:: EXERCISE REQUIREMENTS ::
In the material below, find the line that contains "NN: MCOCLK, MCOCRK, MCOCWK" and the line that contains "# Autodesk Inventor assembly: Ceiling", then write out exactly those two lines and everything between them.

┌──

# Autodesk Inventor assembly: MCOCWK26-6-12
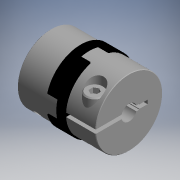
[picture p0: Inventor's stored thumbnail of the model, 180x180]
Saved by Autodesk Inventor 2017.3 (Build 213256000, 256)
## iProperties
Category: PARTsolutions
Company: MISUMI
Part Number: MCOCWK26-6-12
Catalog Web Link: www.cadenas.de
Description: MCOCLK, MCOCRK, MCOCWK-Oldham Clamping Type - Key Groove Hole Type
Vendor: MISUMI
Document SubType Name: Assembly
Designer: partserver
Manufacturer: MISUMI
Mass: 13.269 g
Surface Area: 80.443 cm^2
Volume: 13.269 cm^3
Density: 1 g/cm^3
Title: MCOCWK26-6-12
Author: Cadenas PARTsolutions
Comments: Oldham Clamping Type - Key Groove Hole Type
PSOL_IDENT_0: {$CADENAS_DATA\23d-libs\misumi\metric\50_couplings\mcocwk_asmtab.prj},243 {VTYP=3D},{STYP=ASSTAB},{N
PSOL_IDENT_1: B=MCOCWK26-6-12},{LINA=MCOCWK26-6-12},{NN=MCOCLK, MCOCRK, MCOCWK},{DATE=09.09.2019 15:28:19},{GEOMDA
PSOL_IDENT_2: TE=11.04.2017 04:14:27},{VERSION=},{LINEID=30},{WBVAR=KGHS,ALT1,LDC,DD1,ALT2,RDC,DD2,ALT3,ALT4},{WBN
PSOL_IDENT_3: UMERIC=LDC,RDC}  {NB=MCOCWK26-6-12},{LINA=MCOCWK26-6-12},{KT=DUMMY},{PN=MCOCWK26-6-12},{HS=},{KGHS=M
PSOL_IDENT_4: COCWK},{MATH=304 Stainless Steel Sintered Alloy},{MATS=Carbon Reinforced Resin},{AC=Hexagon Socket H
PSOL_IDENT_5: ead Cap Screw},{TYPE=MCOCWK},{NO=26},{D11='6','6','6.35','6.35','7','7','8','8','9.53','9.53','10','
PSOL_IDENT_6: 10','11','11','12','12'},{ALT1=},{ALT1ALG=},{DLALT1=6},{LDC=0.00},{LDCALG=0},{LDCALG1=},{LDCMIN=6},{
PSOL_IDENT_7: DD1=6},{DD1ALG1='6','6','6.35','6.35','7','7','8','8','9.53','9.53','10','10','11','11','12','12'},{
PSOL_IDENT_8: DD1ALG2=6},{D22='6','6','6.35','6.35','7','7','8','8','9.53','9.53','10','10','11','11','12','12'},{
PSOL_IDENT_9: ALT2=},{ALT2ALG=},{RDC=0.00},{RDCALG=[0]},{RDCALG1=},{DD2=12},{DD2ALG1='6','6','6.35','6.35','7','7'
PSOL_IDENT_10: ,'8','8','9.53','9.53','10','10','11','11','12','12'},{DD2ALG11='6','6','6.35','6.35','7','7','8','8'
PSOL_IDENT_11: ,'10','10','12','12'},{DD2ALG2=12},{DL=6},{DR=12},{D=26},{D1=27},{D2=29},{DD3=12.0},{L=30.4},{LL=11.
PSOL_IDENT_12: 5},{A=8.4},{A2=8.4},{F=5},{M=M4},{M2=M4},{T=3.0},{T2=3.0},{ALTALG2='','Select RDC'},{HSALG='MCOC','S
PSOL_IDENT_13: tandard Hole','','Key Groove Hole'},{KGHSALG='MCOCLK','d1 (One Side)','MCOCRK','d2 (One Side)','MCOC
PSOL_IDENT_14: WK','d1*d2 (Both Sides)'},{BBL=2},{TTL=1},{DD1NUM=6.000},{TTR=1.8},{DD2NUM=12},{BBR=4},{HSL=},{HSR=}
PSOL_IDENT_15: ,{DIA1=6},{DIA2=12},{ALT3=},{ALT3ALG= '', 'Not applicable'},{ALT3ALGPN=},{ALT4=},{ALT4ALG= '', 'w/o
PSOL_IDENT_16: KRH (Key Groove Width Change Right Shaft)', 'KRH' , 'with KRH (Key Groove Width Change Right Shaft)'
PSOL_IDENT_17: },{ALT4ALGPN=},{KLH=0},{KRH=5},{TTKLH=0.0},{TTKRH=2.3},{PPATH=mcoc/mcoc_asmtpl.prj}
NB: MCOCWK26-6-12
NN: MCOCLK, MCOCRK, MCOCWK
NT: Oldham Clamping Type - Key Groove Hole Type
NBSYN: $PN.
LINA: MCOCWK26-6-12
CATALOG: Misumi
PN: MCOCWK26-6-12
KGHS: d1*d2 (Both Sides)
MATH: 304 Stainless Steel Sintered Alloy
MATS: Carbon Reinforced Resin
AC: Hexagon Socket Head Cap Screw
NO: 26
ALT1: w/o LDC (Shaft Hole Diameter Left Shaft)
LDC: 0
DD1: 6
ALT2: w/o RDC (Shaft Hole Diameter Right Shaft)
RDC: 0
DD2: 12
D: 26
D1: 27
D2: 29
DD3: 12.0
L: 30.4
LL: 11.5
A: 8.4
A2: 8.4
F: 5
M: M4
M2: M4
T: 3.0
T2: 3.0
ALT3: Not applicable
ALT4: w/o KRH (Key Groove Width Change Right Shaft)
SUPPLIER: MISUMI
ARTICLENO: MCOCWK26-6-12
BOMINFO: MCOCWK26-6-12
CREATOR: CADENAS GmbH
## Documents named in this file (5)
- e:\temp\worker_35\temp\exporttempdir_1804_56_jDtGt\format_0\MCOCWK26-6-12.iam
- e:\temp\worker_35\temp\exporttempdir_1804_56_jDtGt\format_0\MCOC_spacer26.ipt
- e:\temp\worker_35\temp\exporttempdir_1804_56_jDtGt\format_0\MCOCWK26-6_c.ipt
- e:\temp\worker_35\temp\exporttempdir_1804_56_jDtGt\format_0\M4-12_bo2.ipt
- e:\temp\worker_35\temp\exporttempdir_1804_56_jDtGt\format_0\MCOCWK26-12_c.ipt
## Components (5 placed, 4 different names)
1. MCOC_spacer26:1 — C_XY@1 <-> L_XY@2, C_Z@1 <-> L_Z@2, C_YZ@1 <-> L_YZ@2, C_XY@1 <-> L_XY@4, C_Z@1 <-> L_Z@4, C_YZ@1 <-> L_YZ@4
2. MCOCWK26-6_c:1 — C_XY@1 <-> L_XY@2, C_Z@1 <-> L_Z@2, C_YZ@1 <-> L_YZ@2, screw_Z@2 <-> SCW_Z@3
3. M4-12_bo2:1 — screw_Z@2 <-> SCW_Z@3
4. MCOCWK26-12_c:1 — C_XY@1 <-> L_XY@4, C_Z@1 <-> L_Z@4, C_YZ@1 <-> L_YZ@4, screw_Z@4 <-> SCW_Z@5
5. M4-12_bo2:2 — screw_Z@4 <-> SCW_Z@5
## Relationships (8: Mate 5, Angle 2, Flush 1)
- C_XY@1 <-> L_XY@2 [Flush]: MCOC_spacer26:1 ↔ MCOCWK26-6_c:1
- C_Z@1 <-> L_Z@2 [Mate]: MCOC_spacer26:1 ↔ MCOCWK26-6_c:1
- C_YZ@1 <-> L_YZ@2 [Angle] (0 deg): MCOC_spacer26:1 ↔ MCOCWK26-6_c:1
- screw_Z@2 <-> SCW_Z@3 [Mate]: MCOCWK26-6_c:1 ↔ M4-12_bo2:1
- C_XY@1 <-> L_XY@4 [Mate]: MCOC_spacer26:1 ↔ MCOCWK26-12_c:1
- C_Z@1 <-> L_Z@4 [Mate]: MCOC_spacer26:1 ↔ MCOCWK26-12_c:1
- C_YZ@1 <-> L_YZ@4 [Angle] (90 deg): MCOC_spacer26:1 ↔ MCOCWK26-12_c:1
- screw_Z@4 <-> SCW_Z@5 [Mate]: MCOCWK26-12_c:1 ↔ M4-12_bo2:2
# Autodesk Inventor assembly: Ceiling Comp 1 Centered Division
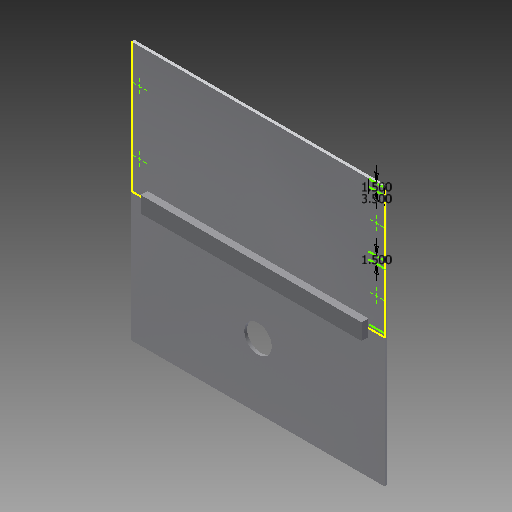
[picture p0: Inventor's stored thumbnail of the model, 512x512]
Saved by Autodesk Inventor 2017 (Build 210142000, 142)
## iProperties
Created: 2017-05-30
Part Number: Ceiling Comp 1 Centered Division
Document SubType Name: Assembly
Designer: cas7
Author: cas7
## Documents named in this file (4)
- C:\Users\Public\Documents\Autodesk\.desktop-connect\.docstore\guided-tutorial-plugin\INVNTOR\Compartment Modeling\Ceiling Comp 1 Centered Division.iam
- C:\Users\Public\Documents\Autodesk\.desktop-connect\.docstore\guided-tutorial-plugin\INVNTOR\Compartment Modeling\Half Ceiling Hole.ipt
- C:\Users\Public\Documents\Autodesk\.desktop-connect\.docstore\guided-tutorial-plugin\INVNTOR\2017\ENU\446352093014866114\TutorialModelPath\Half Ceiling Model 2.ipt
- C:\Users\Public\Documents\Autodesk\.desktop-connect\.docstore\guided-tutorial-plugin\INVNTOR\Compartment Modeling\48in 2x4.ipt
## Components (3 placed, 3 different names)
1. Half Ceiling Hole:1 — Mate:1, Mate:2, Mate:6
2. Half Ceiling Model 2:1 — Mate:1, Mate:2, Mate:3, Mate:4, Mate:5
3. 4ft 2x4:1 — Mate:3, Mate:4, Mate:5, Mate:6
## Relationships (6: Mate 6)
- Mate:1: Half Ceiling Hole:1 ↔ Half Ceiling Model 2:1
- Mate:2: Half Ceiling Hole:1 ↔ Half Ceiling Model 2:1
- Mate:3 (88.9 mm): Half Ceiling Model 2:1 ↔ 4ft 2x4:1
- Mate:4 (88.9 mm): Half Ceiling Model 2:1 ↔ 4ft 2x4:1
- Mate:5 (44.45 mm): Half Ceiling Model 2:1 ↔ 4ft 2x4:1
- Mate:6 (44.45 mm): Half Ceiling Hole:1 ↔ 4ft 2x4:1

└──

:: TASK OUTPUT ::
NN: MCOCLK, MCOCRK, MCOCWK
NT: Oldham Clamping Type - Key Groove Hole Type
NBSYN: $PN.
LINA: MCOCWK26-6-12
CATALOG: Misumi
PN: MCOCWK26-6-12
KGHS: d1*d2 (Both Sides)
MATH: 304 Stainless Steel Sintered Alloy
MATS: Carbon Reinforced Resin
AC: Hexagon Socket Head Cap Screw
NO: 26
ALT1: w/o LDC (Shaft Hole Diameter Left Shaft)
LDC: 0
DD1: 6
ALT2: w/o RDC (Shaft Hole Diameter Right Shaft)
RDC: 0
DD2: 12
D: 26
D1: 27
D2: 29
DD3: 12.0
L: 30.4
LL: 11.5
A: 8.4
A2: 8.4
F: 5
M: M4
M2: M4
T: 3.0
T2: 3.0
ALT3: Not applicable
ALT4: w/o KRH (Key Groove Width Change Right Shaft)
SUPPLIER: MISUMI
ARTICLENO: MCOCWK26-6-12
BOMINFO: MCOCWK26-6-12
CREATOR: CADENAS GmbH
## Documents named in this file (5)
- e:\temp\worker_35\temp\exporttempdir_1804_56_jDtGt\format_0\MCOCWK26-6-12.iam
- e:\temp\worker_35\temp\exporttempdir_1804_56_jDtGt\format_0\MCOC_spacer26.ipt
- e:\temp\worker_35\temp\exporttempdir_1804_56_jDtGt\format_0\MCOCWK26-6_c.ipt
- e:\temp\worker_35\temp\exporttempdir_1804_56_jDtGt\format_0\M4-12_bo2.ipt
- e:\temp\worker_35\temp\exporttempdir_1804_56_jDtGt\format_0\MCOCWK26-12_c.ipt
## Components (5 placed, 4 different names)
1. MCOC_spacer26:1 — C_XY@1 <-> L_XY@2, C_Z@1 <-> L_Z@2, C_YZ@1 <-> L_YZ@2, C_XY@1 <-> L_XY@4, C_Z@1 <-> L_Z@4, C_YZ@1 <-> L_YZ@4
2. MCOCWK26-6_c:1 — C_XY@1 <-> L_XY@2, C_Z@1 <-> L_Z@2, C_YZ@1 <-> L_YZ@2, screw_Z@2 <-> SCW_Z@3
3. M4-12_bo2:1 — screw_Z@2 <-> SCW_Z@3
4. MCOCWK26-12_c:1 — C_XY@1 <-> L_XY@4, C_Z@1 <-> L_Z@4, C_YZ@1 <-> L_YZ@4, screw_Z@4 <-> SCW_Z@5
5. M4-12_bo2:2 — screw_Z@4 <-> SCW_Z@5
## Relationships (8: Mate 5, Angle 2, Flush 1)
- C_XY@1 <-> L_XY@2 [Flush]: MCOC_spacer26:1 ↔ MCOCWK26-6_c:1
- C_Z@1 <-> L_Z@2 [Mate]: MCOC_spacer26:1 ↔ MCOCWK26-6_c:1
- C_YZ@1 <-> L_YZ@2 [Angle] (0 deg): MCOC_spacer26:1 ↔ MCOCWK26-6_c:1
- screw_Z@2 <-> SCW_Z@3 [Mate]: MCOCWK26-6_c:1 ↔ M4-12_bo2:1
- C_XY@1 <-> L_XY@4 [Mate]: MCOC_spacer26:1 ↔ MCOCWK26-12_c:1
- C_Z@1 <-> L_Z@4 [Mate]: MCOC_spacer26:1 ↔ MCOCWK26-12_c:1
- C_YZ@1 <-> L_YZ@4 [Angle] (90 deg): MCOC_spacer26:1 ↔ MCOCWK26-12_c:1
- screw_Z@4 <-> SCW_Z@5 [Mate]: MCOCWK26-12_c:1 ↔ M4-12_bo2:2
# Autodesk Inventor assembly: Ceiling Comp 1 Centered Division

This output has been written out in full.